──────── Material for this task

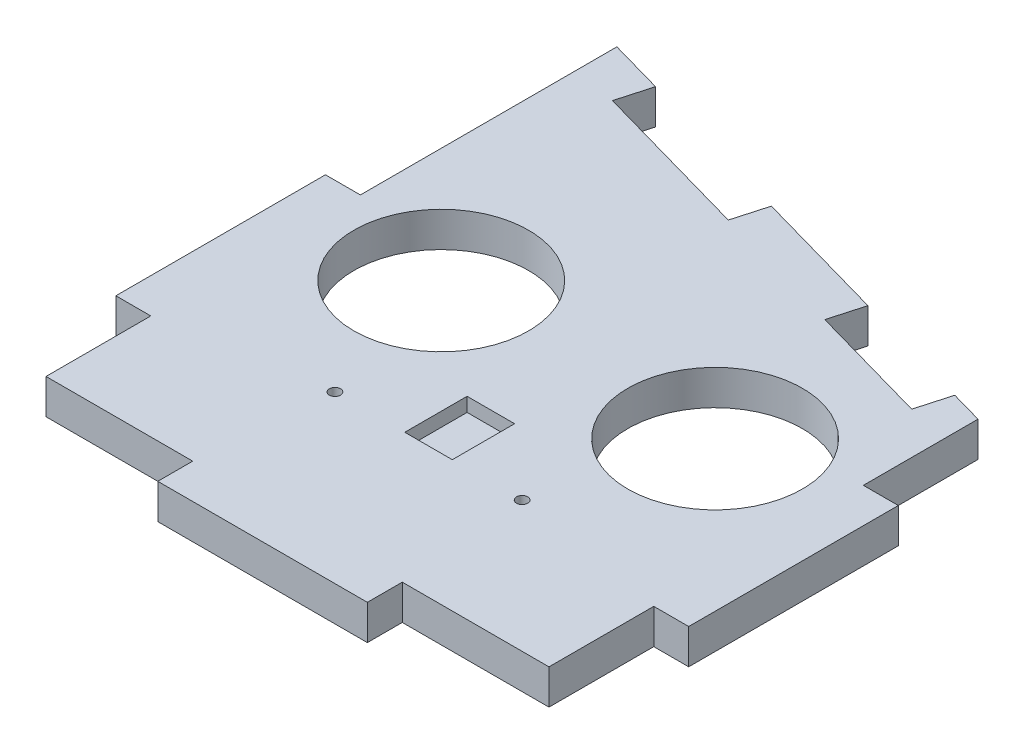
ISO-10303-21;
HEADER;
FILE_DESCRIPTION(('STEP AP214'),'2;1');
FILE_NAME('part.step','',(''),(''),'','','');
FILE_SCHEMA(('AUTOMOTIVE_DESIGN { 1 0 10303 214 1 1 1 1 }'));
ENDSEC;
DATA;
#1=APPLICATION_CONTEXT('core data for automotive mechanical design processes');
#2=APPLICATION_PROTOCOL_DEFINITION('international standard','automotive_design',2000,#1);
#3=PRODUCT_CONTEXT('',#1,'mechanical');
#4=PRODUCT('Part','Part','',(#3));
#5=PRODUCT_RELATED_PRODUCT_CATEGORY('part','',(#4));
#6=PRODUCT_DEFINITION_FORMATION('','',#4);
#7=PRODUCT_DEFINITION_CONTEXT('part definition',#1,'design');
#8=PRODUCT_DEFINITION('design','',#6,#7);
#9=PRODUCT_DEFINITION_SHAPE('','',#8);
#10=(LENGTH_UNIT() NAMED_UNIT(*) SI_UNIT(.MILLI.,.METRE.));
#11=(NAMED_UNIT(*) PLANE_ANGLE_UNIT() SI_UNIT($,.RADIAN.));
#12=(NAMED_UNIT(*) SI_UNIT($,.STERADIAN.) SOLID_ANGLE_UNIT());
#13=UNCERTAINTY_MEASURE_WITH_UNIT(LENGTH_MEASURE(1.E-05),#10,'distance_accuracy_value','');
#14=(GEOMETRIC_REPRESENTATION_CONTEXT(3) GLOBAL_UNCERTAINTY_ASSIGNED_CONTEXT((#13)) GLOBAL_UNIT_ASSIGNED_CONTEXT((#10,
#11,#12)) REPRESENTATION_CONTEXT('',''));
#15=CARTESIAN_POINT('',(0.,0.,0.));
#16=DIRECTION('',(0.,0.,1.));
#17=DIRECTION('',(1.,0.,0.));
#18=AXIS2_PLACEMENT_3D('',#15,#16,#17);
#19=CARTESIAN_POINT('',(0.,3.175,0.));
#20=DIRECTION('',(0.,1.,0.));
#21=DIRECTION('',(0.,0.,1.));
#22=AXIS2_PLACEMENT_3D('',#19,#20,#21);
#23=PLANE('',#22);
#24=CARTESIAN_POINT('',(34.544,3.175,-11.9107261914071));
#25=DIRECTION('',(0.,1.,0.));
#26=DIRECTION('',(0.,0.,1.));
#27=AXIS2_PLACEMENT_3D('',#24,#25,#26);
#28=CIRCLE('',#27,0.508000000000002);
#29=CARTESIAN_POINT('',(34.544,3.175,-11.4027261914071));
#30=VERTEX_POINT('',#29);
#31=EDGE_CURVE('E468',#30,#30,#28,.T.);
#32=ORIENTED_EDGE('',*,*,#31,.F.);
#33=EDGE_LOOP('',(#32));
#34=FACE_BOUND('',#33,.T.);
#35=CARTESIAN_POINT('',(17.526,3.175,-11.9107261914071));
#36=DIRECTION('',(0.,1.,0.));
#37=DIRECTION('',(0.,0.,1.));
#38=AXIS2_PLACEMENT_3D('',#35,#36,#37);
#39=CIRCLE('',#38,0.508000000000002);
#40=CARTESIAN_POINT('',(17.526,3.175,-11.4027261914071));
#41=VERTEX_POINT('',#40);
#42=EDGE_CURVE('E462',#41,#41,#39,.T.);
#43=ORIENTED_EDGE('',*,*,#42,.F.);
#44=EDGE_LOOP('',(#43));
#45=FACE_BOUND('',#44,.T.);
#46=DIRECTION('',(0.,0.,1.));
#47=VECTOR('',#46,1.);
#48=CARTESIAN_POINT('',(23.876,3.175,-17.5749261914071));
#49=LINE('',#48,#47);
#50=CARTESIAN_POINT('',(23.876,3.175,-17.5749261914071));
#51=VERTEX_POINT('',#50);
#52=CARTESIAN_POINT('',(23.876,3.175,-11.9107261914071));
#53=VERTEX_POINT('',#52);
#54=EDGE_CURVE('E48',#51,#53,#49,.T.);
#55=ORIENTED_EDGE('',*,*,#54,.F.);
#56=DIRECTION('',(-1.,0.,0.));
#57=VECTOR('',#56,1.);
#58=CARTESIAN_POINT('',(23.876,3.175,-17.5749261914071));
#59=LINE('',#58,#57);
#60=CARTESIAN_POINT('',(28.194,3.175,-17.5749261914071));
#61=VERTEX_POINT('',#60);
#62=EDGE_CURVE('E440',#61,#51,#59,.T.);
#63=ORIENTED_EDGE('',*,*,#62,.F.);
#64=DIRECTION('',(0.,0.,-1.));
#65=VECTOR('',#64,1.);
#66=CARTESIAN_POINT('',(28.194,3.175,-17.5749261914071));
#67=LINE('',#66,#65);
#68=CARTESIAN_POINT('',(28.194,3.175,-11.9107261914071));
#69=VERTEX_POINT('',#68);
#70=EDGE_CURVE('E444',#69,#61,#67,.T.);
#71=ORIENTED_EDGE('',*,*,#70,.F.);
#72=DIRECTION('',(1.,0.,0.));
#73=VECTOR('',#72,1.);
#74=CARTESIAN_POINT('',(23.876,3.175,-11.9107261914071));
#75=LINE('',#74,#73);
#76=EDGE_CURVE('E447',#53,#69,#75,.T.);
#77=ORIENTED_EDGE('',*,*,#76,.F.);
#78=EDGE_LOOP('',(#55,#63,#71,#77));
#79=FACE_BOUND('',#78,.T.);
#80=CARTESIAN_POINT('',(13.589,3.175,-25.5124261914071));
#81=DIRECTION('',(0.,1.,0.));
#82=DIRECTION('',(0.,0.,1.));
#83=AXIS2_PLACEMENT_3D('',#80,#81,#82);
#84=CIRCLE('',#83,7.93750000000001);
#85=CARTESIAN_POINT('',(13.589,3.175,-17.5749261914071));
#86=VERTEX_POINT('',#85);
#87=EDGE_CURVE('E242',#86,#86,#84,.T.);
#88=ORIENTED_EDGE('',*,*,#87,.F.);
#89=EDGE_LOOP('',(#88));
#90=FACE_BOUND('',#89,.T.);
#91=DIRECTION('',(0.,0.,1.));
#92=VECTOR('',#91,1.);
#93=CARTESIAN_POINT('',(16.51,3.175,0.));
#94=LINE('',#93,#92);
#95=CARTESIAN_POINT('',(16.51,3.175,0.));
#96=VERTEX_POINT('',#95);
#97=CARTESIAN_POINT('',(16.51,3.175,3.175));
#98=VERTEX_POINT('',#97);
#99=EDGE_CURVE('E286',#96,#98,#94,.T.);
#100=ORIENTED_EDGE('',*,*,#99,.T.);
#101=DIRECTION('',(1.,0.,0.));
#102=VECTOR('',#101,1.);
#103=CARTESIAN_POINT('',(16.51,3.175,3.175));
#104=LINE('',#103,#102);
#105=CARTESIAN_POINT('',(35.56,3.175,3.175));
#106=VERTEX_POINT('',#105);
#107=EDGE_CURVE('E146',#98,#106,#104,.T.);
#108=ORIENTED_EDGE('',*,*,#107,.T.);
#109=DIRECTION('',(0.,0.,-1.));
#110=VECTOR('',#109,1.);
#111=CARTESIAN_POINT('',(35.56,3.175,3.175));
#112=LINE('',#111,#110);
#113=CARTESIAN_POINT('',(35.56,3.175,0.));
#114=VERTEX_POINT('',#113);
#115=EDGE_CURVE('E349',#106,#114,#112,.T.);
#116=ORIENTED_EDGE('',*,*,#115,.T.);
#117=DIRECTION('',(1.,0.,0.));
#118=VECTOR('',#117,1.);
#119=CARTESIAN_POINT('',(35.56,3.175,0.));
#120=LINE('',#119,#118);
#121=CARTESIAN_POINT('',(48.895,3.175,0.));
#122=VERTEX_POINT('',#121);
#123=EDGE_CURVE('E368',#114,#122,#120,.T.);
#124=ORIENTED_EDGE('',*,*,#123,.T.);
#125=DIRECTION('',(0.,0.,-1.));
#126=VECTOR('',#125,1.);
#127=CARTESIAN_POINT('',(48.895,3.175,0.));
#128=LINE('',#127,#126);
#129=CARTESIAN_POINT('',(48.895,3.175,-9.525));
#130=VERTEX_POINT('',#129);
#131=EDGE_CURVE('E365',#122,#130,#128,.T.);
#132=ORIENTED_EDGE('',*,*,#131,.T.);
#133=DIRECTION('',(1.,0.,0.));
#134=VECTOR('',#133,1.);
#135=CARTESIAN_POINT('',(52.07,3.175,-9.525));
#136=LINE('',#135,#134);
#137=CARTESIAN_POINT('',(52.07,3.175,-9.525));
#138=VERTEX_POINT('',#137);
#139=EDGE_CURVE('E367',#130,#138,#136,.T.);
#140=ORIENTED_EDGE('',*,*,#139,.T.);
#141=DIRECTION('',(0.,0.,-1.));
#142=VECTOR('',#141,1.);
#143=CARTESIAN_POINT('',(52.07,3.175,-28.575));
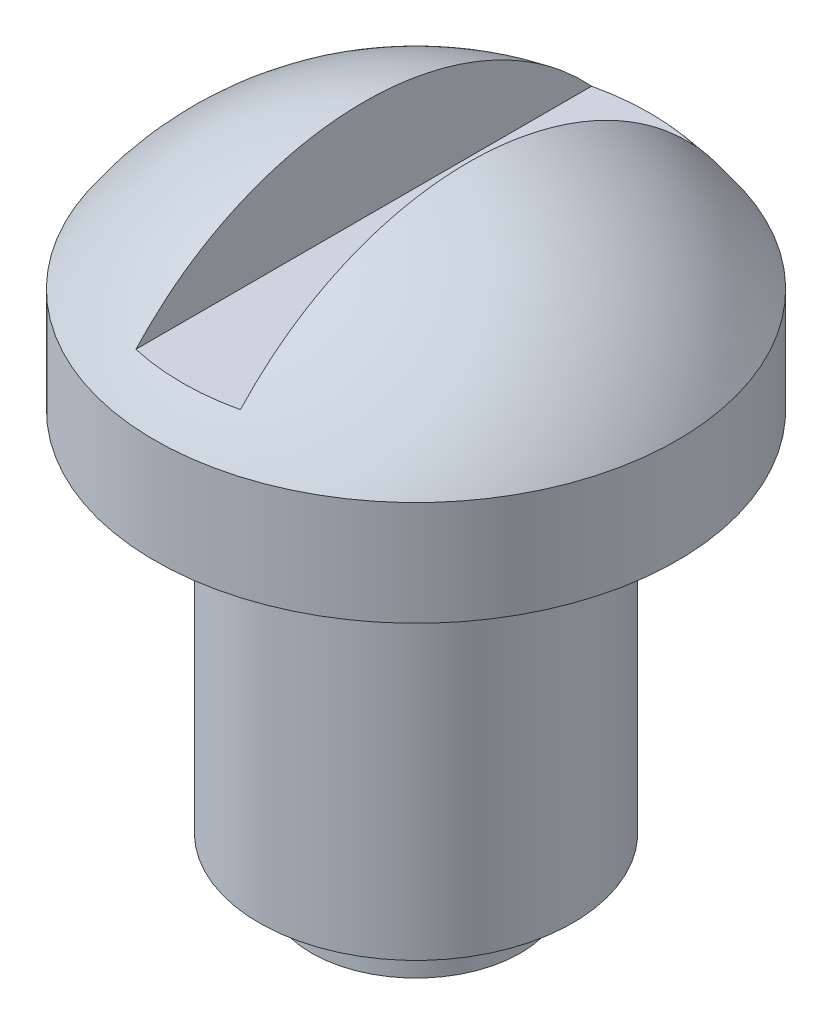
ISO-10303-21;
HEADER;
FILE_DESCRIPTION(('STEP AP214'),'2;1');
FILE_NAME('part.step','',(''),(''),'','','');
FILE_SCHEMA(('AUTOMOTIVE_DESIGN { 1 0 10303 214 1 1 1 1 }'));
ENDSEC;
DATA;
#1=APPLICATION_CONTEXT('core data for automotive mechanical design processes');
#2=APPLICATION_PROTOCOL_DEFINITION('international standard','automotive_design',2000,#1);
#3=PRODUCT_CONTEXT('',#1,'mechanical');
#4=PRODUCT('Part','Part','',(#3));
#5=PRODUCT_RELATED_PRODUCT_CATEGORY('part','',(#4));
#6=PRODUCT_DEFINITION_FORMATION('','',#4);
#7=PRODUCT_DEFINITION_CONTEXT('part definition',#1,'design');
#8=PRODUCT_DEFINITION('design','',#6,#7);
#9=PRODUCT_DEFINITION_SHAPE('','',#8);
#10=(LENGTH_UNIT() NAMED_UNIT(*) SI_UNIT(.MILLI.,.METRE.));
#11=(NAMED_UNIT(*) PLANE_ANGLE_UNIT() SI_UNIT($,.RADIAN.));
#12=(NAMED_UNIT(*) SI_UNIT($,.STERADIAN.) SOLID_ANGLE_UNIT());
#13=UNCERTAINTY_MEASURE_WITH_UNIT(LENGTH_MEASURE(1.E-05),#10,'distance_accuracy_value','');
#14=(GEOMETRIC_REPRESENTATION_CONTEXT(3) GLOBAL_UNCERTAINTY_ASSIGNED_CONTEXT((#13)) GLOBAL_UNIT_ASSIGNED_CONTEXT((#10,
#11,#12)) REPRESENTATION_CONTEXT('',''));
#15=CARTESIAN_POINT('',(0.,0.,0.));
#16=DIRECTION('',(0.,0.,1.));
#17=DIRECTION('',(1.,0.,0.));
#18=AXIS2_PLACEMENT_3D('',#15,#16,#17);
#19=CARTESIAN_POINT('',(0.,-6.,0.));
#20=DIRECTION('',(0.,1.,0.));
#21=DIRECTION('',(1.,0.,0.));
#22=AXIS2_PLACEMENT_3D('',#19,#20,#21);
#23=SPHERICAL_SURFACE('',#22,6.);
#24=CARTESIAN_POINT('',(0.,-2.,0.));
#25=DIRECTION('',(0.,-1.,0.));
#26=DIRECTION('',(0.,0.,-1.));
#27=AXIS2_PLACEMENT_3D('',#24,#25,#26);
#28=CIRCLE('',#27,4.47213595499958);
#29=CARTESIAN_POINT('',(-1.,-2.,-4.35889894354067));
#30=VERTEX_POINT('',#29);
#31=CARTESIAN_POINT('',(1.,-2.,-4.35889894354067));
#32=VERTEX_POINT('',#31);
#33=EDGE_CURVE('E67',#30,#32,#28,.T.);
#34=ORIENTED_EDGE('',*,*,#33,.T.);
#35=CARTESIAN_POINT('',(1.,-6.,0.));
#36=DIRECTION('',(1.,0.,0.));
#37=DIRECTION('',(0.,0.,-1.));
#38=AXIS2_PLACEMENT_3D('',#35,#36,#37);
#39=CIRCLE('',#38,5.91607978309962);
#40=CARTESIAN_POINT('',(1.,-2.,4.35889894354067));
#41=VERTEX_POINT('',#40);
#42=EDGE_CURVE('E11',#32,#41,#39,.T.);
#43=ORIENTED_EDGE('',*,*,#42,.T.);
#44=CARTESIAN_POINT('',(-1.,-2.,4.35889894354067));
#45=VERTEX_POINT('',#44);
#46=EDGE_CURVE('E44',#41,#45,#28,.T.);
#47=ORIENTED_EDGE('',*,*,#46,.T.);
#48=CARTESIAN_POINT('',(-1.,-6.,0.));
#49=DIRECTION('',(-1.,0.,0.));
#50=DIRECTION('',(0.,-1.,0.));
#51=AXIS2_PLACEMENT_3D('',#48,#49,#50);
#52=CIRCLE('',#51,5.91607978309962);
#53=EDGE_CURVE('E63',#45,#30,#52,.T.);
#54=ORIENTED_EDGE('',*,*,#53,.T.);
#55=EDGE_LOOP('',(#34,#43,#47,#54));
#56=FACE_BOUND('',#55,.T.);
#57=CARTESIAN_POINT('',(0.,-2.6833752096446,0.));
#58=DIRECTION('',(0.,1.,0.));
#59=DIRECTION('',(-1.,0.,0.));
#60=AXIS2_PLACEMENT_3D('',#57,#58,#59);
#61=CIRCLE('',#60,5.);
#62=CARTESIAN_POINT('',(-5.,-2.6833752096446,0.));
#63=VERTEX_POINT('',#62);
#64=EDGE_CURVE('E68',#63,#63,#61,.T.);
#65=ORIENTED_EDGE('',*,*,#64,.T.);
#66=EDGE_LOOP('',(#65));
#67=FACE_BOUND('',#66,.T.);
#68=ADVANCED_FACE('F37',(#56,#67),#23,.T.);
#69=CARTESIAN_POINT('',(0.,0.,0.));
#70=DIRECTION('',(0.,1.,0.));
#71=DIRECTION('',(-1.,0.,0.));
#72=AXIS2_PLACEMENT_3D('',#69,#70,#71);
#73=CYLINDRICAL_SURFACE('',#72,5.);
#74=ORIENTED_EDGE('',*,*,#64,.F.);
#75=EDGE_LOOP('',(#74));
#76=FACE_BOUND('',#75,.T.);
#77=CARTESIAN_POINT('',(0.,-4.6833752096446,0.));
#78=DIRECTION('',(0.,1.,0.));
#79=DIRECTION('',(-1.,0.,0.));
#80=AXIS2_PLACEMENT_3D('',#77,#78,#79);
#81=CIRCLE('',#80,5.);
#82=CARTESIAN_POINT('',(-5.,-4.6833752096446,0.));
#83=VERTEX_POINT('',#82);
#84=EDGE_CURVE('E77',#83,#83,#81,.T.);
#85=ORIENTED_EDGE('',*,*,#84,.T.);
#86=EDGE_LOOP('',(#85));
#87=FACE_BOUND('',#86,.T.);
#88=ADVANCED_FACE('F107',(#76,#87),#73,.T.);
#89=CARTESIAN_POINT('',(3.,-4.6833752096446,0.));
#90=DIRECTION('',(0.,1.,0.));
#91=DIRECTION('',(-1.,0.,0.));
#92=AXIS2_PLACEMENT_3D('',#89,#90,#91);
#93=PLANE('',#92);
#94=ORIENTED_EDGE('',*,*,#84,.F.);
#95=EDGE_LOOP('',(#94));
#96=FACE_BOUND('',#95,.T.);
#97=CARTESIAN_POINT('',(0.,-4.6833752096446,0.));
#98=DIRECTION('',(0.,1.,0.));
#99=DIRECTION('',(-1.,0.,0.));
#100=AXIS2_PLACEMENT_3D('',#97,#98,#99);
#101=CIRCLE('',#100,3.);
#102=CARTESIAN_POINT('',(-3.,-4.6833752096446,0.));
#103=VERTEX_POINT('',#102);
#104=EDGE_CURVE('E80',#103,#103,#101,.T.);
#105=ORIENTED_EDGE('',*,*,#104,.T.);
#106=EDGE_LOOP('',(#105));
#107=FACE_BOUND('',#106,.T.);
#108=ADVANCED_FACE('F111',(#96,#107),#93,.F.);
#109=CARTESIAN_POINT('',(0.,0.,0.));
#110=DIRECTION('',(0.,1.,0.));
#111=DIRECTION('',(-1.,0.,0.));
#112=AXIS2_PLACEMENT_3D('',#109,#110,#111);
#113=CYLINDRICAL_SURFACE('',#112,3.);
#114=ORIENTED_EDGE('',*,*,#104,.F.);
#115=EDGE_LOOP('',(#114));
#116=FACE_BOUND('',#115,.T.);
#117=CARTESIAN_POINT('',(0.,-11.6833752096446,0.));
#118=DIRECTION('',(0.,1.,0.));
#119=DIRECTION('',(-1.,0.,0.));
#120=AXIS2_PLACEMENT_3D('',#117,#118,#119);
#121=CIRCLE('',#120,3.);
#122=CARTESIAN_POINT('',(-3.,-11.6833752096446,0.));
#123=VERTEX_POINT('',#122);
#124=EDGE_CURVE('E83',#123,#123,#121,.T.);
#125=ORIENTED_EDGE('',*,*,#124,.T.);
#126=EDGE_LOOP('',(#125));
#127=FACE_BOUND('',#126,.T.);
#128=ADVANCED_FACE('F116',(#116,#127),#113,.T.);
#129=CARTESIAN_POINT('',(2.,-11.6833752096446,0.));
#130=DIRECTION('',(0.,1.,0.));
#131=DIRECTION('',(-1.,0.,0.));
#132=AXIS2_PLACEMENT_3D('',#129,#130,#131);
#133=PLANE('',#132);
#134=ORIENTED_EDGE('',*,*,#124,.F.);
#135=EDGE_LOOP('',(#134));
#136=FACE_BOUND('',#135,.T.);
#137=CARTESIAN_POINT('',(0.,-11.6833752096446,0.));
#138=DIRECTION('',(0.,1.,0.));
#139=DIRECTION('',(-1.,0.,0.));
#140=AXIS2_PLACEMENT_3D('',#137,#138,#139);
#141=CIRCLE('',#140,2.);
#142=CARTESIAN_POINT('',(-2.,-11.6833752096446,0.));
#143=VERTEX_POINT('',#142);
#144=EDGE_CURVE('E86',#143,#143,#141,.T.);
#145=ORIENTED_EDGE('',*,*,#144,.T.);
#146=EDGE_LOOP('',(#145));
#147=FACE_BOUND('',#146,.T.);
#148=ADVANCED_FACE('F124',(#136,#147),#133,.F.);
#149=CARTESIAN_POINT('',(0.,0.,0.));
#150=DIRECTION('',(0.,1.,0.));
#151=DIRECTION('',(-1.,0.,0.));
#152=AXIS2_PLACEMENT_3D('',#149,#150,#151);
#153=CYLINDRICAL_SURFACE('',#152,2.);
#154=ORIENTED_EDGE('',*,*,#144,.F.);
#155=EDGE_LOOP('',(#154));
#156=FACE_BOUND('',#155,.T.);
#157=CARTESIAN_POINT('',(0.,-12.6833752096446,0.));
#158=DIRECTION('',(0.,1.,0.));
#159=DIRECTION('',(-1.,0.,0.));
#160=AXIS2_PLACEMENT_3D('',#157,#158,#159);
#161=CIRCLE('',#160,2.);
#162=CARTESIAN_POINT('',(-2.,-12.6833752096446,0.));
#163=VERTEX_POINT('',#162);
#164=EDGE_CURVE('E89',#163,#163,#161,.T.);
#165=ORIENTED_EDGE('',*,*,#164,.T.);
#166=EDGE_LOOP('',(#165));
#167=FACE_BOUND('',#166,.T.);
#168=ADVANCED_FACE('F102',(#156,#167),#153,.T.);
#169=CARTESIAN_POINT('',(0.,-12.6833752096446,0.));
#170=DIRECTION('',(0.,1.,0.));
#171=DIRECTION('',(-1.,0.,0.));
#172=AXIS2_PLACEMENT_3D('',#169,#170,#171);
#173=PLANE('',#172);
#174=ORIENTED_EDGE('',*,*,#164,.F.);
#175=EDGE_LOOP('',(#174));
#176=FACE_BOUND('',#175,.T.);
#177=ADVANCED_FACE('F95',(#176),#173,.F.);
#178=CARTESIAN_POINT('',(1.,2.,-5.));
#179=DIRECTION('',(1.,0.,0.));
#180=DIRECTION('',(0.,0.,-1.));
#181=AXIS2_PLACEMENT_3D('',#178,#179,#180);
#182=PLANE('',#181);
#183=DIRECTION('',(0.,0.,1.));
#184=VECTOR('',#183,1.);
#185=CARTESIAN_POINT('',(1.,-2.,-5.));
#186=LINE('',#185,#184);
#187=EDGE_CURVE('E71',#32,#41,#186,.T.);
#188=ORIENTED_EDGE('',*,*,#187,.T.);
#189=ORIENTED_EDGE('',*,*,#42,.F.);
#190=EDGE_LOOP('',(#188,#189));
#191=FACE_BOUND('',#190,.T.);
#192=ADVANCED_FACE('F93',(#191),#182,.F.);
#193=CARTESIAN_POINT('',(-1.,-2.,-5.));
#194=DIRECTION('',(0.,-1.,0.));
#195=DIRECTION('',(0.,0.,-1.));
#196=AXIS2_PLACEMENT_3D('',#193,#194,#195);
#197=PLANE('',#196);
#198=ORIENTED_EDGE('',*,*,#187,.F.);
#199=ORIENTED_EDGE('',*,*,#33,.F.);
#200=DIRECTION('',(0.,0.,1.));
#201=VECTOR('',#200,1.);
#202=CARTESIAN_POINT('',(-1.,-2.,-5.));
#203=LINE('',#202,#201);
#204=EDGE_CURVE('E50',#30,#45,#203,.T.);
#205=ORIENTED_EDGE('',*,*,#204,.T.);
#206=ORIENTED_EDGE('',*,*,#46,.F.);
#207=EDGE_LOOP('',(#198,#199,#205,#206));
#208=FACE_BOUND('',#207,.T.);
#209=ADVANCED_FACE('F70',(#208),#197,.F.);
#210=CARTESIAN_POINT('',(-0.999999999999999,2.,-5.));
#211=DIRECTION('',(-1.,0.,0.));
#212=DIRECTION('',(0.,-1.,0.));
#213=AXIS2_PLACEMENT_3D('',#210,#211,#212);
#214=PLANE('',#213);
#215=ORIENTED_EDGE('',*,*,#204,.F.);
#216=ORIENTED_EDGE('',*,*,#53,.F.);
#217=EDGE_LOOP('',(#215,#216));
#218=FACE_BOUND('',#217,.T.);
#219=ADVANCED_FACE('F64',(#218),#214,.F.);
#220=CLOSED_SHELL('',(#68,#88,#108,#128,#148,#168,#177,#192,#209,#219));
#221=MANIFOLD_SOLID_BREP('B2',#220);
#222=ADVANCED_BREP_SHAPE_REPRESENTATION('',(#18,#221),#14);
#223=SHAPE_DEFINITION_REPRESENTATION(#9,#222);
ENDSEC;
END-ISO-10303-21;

────────────────

__Work order__:
All that is wanted is each line, word for word, from the first line of the data to the one holding "#28=CIRCLE('',#27,0.508000000000002);", with the pictures left out.

__Written response__:
ISO-10303-21;
HEADER;
FILE_DESCRIPTION(('STEP AP214'),'2;1');
FILE_NAME('part.step','',(''),(''),'','','');
FILE_SCHEMA(('AUTOMOTIVE_DESIGN { 1 0 10303 214 1 1 1 1 }'));
ENDSEC;
DATA;
#1=APPLICATION_CONTEXT('core data for automotive mechanical design processes');
#2=APPLICATION_PROTOCOL_DEFINITION('international standard','automotive_design',2000,#1);
#3=PRODUCT_CONTEXT('',#1,'mechanical');
#4=PRODUCT('Part','Part','',(#3));
#5=PRODUCT_RELATED_PRODUCT_CATEGORY('part','',(#4));
#6=PRODUCT_DEFINITION_FORMATION('','',#4);
#7=PRODUCT_DEFINITION_CONTEXT('part definition',#1,'design');
#8=PRODUCT_DEFINITION('design','',#6,#7);
#9=PRODUCT_DEFINITION_SHAPE('','',#8);
#10=(LENGTH_UNIT() NAMED_UNIT(*) SI_UNIT(.MILLI.,.METRE.));
#11=(NAMED_UNIT(*) PLANE_ANGLE_UNIT() SI_UNIT($,.RADIAN.));
#12=(NAMED_UNIT(*) SI_UNIT($,.STERADIAN.) SOLID_ANGLE_UNIT());
#13=UNCERTAINTY_MEASURE_WITH_UNIT(LENGTH_MEASURE(1.E-05),#10,'distance_accuracy_value','');
#14=(GEOMETRIC_REPRESENTATION_CONTEXT(3) GLOBAL_UNCERTAINTY_ASSIGNED_CONTEXT((#13)) GLOBAL_UNIT_ASSIGNED_CONTEXT((#10,
#11,#12)) REPRESENTATION_CONTEXT('',''));
#15=CARTESIAN_POINT('',(0.,0.,0.));
#16=DIRECTION('',(0.,0.,1.));
#17=DIRECTION('',(1.,0.,0.));
#18=AXIS2_PLACEMENT_3D('',#15,#16,#17);
#19=CARTESIAN_POINT('',(0.,3.175,0.));
#20=DIRECTION('',(0.,1.,0.));
#21=DIRECTION('',(0.,0.,1.));
#22=AXIS2_PLACEMENT_3D('',#19,#20,#21);
#23=PLANE('',#22);
#24=CARTESIAN_POINT('',(34.544,3.175,-11.9107261914071));
#25=DIRECTION('',(0.,1.,0.));
#26=DIRECTION('',(0.,0.,1.));
#27=AXIS2_PLACEMENT_3D('',#24,#25,#26);
#28=CIRCLE('',#27,0.508000000000002);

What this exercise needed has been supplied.